2022-07-11 Thread pinskia at gcc dot gnu.org via Gcc-bugs
https://gcc.gnu.org/bugzilla/show_bug.cgi?id=106253

--- Comment #5 from Andrew Pinski  ---
(In reply to rsand...@gcc.gnu.org from comment #4)
> I think for those we have to honour the prevailing
> flush-to-zero mode, which makes the
> functions at best pure rather than const.

GCC does handle changing of the rounding mode or change of the denormalized
flush to zero mode even in general floating point code. So the question becomes
should  wait for the infrastructure to be added to fix that case or add another
builtin?

[Bug target/106253] [13 Regression] ICE in vect_transform_loops, at tree-vectorizer.cc:1032

2022-07-11 Thread rsandifo at gcc dot gnu.org via Gcc-bugs
https://gcc.gnu.org/bugzilla/show_bug.cgi?id=106253

--- Comment #4 from rsandifo at gcc dot gnu.org  
---
I guess we'll need different patterns in that case.  These builtins
are also used to expand ACLE intrinsics, and I think for those we
have to honour the prevailing flush-to-zero mode, which makes the
functions at best pure rather than const.

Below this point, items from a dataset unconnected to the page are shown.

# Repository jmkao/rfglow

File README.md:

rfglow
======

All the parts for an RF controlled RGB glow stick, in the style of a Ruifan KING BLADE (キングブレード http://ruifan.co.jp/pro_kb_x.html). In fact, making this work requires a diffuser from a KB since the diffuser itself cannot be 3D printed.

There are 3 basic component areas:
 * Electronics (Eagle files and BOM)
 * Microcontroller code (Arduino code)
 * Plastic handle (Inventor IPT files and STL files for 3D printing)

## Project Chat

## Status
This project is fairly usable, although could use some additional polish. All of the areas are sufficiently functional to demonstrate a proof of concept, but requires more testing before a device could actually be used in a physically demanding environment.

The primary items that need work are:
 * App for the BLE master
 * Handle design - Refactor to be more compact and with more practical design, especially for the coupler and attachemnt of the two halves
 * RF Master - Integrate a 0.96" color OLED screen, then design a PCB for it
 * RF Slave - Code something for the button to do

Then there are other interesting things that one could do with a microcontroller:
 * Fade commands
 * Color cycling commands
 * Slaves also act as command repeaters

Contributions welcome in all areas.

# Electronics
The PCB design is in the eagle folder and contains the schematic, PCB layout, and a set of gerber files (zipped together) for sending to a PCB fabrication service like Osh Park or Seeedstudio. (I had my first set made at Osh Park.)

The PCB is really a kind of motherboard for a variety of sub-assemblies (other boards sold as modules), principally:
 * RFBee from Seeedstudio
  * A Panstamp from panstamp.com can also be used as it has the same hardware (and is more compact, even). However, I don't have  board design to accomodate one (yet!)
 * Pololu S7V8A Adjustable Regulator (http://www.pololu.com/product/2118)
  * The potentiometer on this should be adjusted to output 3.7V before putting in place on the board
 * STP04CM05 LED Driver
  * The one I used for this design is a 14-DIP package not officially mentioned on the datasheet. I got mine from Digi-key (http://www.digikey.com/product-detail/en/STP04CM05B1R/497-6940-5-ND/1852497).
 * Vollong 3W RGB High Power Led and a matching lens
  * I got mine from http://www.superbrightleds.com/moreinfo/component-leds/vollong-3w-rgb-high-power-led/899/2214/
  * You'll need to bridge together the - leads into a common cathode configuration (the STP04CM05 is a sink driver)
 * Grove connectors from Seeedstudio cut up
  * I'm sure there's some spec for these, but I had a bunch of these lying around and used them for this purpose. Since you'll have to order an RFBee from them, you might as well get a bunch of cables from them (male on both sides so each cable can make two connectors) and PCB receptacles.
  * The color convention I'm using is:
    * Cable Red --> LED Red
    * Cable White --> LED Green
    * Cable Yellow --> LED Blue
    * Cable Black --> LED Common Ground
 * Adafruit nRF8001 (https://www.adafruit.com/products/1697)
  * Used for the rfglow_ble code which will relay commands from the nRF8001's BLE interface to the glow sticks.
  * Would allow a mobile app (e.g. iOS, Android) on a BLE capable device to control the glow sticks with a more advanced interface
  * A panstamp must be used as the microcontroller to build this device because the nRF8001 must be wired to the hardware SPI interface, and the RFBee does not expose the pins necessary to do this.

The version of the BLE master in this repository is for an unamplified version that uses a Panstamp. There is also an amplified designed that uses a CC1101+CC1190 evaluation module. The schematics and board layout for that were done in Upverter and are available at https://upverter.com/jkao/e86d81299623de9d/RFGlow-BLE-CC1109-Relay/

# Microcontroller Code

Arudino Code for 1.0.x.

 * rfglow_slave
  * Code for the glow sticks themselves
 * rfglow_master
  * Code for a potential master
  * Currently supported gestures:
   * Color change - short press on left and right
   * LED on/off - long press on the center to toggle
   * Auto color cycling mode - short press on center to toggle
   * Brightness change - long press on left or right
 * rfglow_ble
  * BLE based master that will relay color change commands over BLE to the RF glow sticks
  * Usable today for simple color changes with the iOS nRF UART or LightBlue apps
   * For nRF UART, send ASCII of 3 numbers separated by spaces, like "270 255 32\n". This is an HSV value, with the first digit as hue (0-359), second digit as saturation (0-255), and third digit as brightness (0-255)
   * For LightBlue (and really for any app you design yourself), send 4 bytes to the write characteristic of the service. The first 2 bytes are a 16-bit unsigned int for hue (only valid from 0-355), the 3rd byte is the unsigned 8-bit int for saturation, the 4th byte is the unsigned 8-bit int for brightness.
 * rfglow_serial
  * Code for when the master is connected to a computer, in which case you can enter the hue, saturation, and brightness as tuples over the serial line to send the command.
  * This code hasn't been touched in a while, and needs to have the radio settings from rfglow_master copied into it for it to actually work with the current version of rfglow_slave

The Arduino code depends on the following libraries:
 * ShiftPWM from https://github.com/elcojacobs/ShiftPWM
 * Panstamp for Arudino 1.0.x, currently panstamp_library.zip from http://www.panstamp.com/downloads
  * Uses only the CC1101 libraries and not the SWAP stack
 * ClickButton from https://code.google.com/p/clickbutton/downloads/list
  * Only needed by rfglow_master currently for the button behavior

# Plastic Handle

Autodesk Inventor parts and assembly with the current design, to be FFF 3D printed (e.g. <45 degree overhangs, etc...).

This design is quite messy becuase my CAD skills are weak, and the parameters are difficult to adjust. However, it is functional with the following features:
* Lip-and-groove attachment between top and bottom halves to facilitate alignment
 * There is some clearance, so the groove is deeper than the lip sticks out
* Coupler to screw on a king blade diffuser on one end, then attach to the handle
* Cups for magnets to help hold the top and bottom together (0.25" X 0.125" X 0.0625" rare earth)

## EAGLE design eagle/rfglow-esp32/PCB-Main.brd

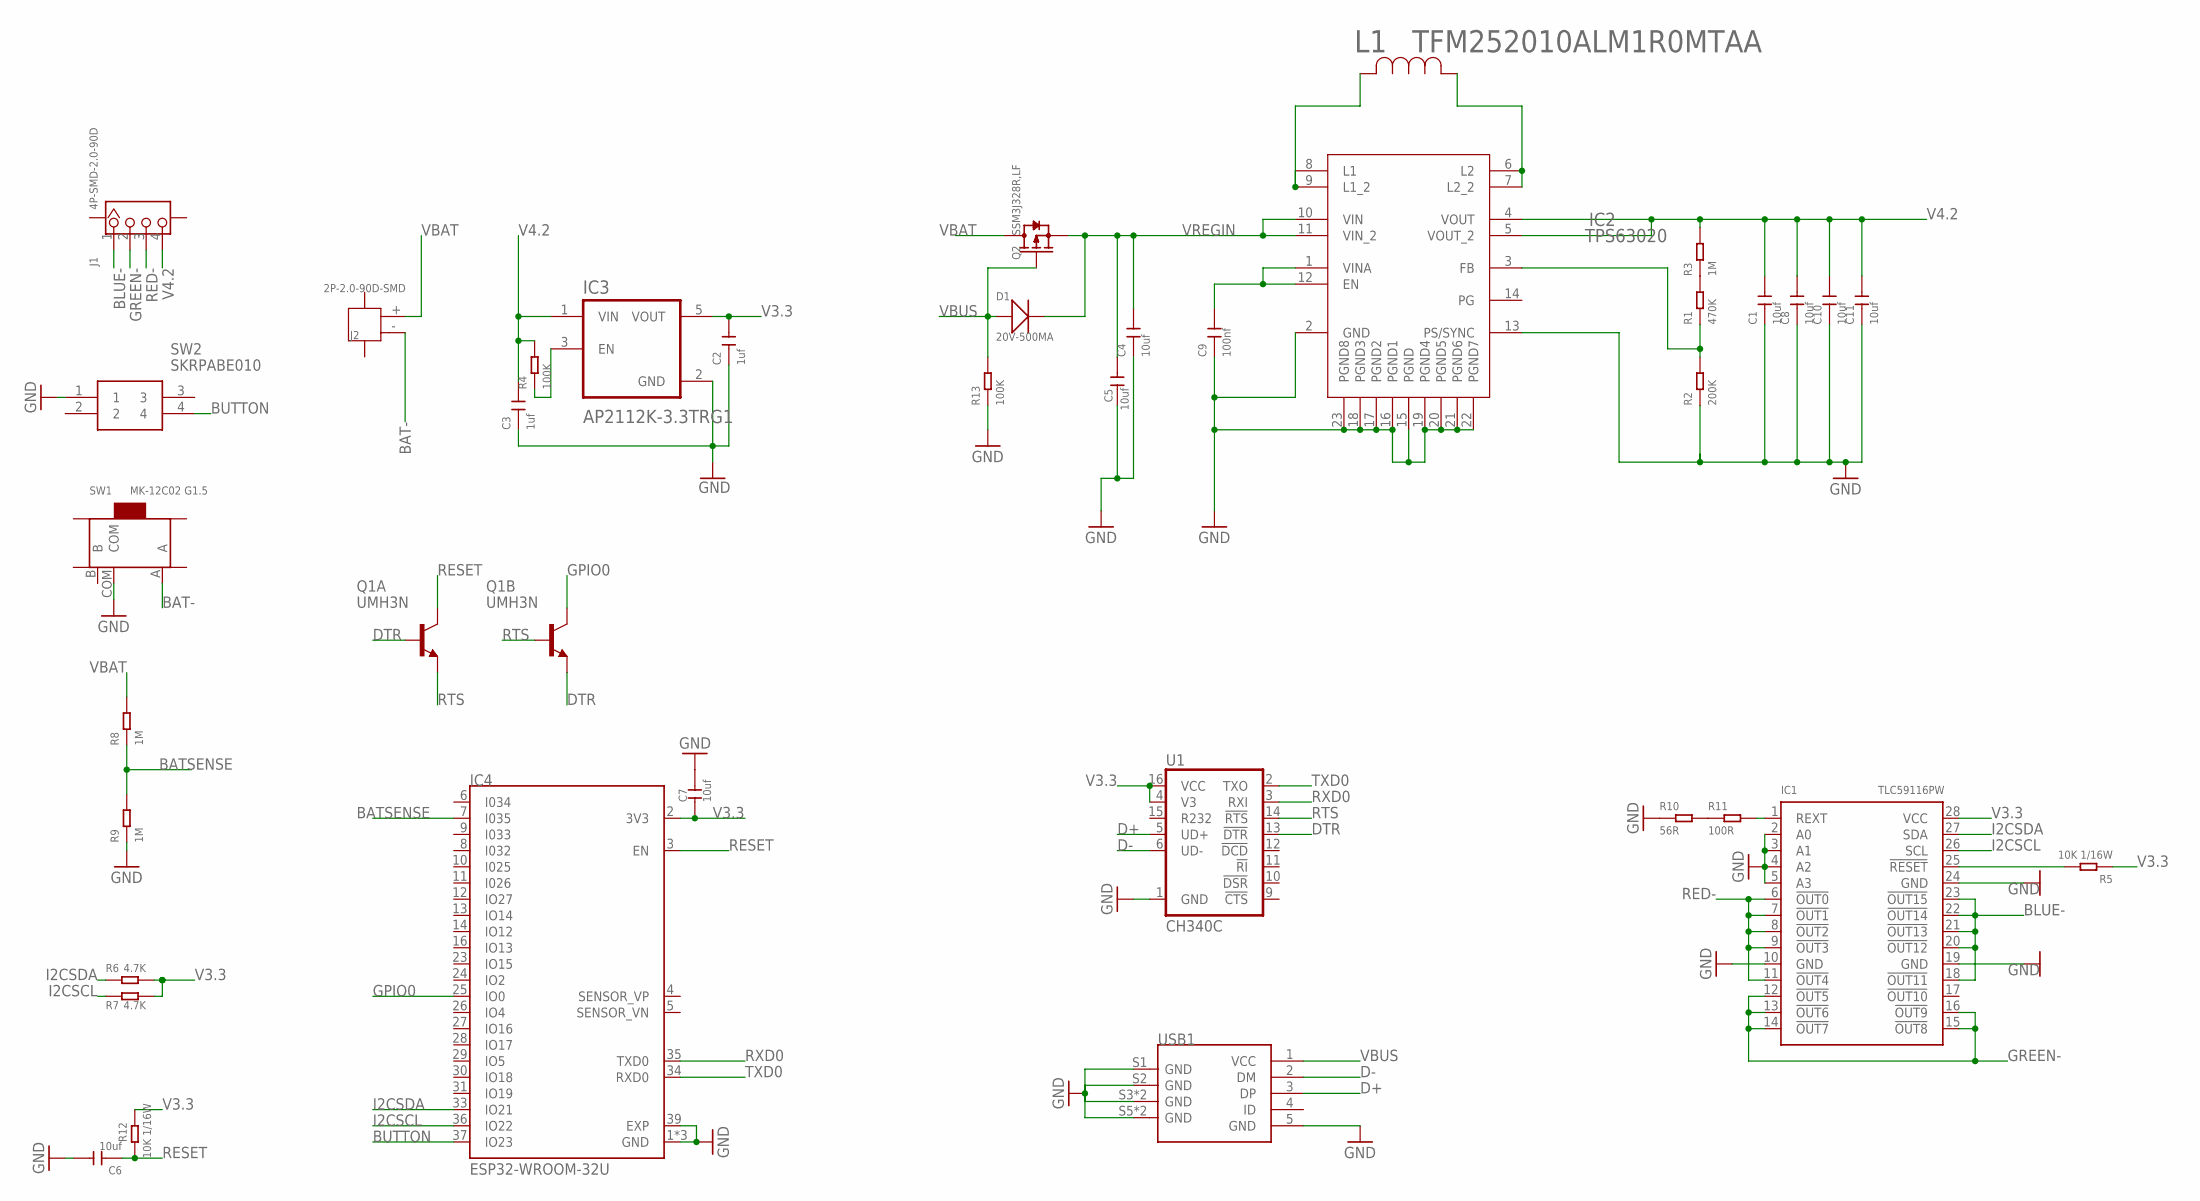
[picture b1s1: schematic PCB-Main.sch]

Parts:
C1, C4, C5, C6, C7, C8, C10, C11: 10uf; C0402
C2, C3: 1uf; C0402
C9: 100nf; C0402
D1: 20V-500MA; SOD-123
IC1: TLC59116PW; PW_R-PDSO-G28
IC2: TPS63020; QFN14-3X4MM
IC3: AP2112K-3.3TRG1; SOT95P285X140-5N
IC4: ESP32-WROOM-32U; XCVR_ESP32-WROOM-32U
J1: 4P-SMD-2.0-90D; HW4-SMD-2.0-90D
J2: 2P-2.0-90D-SMD; HW2-SMD-2.0-90D
L1: TFM252010ALM1R0MTAA; IND_1008
Q1: UMH3N; UMT6
Q2: SSM3J328R,LF; SOT-23
R1: 470K; R0402
R2: 200K; R0402
R3, R8, R9: 1M; R0402
R4, R13: 100K; R0402
R5, R12: 10K 1/16W; R0402
R6, R7: 4.7K; R0402
R10: 56R; R0402
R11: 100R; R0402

[Bug target/106253] [13 Regression] ICE in vect_transform_loops, at tree-vectorizer.cc:1032

2022-07-11 Thread rguenth at gcc dot gnu.org via Gcc-bugs
https://gcc.gnu.org/bugzilla/show_bug.cgi?id=106253

--- Comment #3 from Richard Biener  ---
aarch64_builtin_vectorized_function is what returns these, but the decls
seem to be generated elsewhere.

[Bug target/106253] [13 Regression] ICE in vect_transform_loops, at tree-vectorizer.cc:1032

2022-07-11 Thread rguenth at gcc dot gnu.org via Gcc-bugs
https://gcc.gnu.org/bugzilla/show_bug.cgi?id=106253

Richard Biener  changed:

   What|Removed |Added

 Status|ASSIGNED|NEW
   Assignee|rguenth at gcc dot gnu.org |unassigned at gcc dot 
gnu.org
  Component|tree-optimization   |target
 CC||rsandifo at gcc dot gnu.org

--- Comment #2 from Richard Biener  ---
# .MEM = VDEF <.MEM>
vect__19.49_45 = __builtin_aarch64_lroundv4sfv4si (vect__18.48_44);

aarch64 lround vectorized builtin does not have the same guarantees
as the builtin.def one.  It's good that those cases are now uncovered
(I've already fixed a similar case in the x86 backend).

Can a target maintainer please take this?